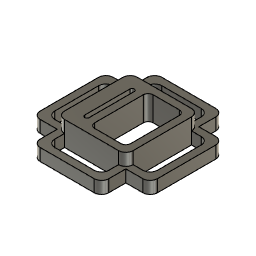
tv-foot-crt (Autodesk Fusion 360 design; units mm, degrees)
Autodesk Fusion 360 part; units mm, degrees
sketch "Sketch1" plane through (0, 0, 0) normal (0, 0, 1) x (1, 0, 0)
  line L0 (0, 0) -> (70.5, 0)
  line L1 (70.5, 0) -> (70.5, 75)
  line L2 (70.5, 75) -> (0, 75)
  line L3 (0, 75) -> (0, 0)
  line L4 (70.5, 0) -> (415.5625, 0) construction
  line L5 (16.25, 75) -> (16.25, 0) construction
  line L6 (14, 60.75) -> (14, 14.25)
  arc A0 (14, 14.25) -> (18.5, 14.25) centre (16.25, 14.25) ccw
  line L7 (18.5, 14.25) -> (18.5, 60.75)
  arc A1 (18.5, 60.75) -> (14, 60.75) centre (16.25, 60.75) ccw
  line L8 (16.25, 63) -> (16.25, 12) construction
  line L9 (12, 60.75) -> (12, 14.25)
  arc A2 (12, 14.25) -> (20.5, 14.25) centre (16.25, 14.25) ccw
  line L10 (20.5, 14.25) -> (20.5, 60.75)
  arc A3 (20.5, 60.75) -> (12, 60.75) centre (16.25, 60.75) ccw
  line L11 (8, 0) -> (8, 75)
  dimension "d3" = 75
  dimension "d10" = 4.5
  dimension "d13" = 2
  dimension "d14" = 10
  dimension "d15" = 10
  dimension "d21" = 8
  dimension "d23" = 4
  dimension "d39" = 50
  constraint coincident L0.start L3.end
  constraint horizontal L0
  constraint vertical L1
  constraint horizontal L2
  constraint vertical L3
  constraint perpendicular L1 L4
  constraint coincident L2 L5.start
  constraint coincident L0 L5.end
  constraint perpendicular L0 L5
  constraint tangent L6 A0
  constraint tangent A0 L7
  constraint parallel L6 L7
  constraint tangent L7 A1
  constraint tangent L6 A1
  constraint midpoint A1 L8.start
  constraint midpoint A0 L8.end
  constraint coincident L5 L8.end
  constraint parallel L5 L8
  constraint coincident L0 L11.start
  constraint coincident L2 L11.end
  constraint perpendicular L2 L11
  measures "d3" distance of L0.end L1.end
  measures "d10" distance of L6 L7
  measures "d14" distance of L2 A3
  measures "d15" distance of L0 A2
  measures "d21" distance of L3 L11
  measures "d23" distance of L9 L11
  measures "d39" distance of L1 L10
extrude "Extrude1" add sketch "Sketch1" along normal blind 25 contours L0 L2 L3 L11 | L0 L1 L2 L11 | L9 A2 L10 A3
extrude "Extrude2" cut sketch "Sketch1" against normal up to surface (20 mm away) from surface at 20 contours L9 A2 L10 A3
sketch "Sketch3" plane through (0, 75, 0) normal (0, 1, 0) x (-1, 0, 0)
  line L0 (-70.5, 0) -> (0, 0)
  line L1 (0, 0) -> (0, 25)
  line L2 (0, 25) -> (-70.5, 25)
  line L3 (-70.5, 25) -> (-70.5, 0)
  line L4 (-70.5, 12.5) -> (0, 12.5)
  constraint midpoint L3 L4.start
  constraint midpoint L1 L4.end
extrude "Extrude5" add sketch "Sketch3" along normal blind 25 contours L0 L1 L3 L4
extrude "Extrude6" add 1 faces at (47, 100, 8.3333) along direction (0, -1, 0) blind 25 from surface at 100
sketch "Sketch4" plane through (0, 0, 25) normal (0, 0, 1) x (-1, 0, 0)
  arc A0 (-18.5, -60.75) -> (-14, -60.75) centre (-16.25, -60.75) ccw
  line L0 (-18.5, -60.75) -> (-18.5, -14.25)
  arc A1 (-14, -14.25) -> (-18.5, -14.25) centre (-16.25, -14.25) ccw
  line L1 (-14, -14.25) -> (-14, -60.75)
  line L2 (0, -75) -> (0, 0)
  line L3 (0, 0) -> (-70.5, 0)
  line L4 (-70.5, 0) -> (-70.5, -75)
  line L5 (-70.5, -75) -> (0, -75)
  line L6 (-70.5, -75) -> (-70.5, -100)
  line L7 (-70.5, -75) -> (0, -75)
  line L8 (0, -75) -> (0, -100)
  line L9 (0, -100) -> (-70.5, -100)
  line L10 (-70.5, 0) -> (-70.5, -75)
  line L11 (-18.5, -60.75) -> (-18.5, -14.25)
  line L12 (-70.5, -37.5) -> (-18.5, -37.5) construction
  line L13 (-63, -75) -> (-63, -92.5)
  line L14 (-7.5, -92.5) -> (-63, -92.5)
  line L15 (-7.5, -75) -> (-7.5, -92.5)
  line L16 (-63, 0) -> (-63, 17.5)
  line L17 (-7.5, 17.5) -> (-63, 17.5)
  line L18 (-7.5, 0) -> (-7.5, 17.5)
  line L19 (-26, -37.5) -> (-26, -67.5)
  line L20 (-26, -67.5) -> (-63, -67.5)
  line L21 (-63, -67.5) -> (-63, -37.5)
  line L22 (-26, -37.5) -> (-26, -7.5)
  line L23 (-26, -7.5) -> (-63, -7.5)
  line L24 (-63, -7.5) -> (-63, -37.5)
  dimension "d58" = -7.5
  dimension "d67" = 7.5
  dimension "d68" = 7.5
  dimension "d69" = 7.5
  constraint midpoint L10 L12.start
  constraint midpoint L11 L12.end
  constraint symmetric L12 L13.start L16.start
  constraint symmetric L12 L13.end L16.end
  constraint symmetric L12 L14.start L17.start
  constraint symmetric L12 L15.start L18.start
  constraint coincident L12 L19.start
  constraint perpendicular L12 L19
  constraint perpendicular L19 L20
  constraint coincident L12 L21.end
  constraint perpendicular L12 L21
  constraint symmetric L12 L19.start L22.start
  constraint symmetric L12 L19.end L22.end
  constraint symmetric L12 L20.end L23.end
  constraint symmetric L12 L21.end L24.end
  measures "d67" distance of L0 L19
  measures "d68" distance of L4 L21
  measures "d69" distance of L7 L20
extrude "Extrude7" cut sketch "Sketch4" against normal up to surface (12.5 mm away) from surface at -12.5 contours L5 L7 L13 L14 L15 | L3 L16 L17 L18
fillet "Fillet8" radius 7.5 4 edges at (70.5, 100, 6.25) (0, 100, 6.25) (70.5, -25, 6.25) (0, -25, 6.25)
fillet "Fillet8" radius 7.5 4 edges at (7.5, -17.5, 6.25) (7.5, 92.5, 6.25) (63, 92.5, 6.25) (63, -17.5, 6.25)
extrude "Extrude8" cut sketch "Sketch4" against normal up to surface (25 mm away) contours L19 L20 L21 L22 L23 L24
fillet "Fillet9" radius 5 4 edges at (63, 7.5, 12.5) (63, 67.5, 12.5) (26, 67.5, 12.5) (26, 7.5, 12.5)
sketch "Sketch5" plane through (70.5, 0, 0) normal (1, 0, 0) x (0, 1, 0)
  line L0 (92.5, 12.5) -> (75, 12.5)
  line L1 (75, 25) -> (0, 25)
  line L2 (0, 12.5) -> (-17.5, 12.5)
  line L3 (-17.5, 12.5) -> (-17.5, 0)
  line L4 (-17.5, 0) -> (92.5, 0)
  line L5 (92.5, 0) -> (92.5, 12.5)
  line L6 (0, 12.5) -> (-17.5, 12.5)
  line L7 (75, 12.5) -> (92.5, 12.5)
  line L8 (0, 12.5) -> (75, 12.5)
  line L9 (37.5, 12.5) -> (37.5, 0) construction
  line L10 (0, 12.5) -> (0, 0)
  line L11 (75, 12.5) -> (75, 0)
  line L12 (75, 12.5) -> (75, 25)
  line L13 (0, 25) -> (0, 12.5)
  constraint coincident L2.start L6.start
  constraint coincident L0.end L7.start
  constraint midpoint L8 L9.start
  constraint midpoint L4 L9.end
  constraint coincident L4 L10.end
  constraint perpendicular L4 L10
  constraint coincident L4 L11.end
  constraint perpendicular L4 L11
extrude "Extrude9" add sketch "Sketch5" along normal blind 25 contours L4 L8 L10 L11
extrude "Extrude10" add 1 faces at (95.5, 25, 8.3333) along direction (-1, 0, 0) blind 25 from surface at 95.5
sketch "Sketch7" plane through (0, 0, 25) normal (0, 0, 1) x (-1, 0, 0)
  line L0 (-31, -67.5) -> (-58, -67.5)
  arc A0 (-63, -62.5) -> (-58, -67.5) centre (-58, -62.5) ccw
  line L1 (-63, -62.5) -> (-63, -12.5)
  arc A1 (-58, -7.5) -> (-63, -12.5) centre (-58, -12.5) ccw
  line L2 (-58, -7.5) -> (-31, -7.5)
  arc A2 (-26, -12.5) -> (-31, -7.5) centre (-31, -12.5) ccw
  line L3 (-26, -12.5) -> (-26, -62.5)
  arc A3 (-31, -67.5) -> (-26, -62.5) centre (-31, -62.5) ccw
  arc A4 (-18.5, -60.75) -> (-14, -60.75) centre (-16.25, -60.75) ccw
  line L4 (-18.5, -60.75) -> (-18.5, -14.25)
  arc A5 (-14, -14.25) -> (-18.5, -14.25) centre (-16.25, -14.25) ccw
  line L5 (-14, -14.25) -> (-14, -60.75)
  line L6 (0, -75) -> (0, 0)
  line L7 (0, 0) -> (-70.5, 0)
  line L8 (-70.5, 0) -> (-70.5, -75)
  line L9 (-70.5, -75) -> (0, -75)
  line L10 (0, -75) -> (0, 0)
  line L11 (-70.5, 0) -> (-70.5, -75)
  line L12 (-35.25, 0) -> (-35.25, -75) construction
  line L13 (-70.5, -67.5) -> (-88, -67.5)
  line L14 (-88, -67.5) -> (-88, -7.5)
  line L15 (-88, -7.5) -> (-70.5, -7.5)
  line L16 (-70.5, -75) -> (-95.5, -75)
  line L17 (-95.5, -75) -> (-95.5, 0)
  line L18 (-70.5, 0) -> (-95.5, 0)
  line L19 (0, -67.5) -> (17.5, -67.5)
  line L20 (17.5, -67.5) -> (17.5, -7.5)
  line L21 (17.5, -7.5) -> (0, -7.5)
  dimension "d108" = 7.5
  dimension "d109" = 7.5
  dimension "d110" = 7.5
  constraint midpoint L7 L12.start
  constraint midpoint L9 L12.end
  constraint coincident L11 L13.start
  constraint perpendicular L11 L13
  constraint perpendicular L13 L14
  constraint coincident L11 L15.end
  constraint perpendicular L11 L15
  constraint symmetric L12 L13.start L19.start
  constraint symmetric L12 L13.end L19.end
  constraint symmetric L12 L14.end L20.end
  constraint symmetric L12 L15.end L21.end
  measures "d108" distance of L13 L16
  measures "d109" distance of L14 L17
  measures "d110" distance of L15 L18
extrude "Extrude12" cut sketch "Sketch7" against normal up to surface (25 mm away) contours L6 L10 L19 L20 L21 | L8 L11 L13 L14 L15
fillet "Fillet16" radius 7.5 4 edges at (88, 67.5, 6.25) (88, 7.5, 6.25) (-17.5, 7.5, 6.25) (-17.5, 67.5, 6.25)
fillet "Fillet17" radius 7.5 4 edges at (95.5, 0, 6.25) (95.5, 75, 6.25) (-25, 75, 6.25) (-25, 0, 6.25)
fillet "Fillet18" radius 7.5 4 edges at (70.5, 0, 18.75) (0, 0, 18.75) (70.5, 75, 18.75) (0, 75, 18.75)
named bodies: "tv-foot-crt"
++++
Only lines belong in the copy: transcribe those from the start of the data through the line that contains "line L7 (18.5, 14.25) -> (18.5, 60.75)", and skip the pictures.

tv-foot-crt (Autodesk Fusion 360 design; units mm, degrees)
Autodesk Fusion 360 part; units mm, degrees
sketch "Sketch1" plane through (0, 0, 0) normal (0, 0, 1) x (1, 0, 0)
  line L0 (0, 0) -> (70.5, 0)
  line L1 (70.5, 0) -> (70.5, 75)
  line L2 (70.5, 75) -> (0, 75)
  line L3 (0, 75) -> (0, 0)
  line L4 (70.5, 0) -> (415.5625, 0) construction
  line L5 (16.25, 75) -> (16.25, 0) construction
  line L6 (14, 60.75) -> (14, 14.25)
  arc A0 (14, 14.25) -> (18.5, 14.25) centre (16.25, 14.25) ccw
  line L7 (18.5, 14.25) -> (18.5, 60.75)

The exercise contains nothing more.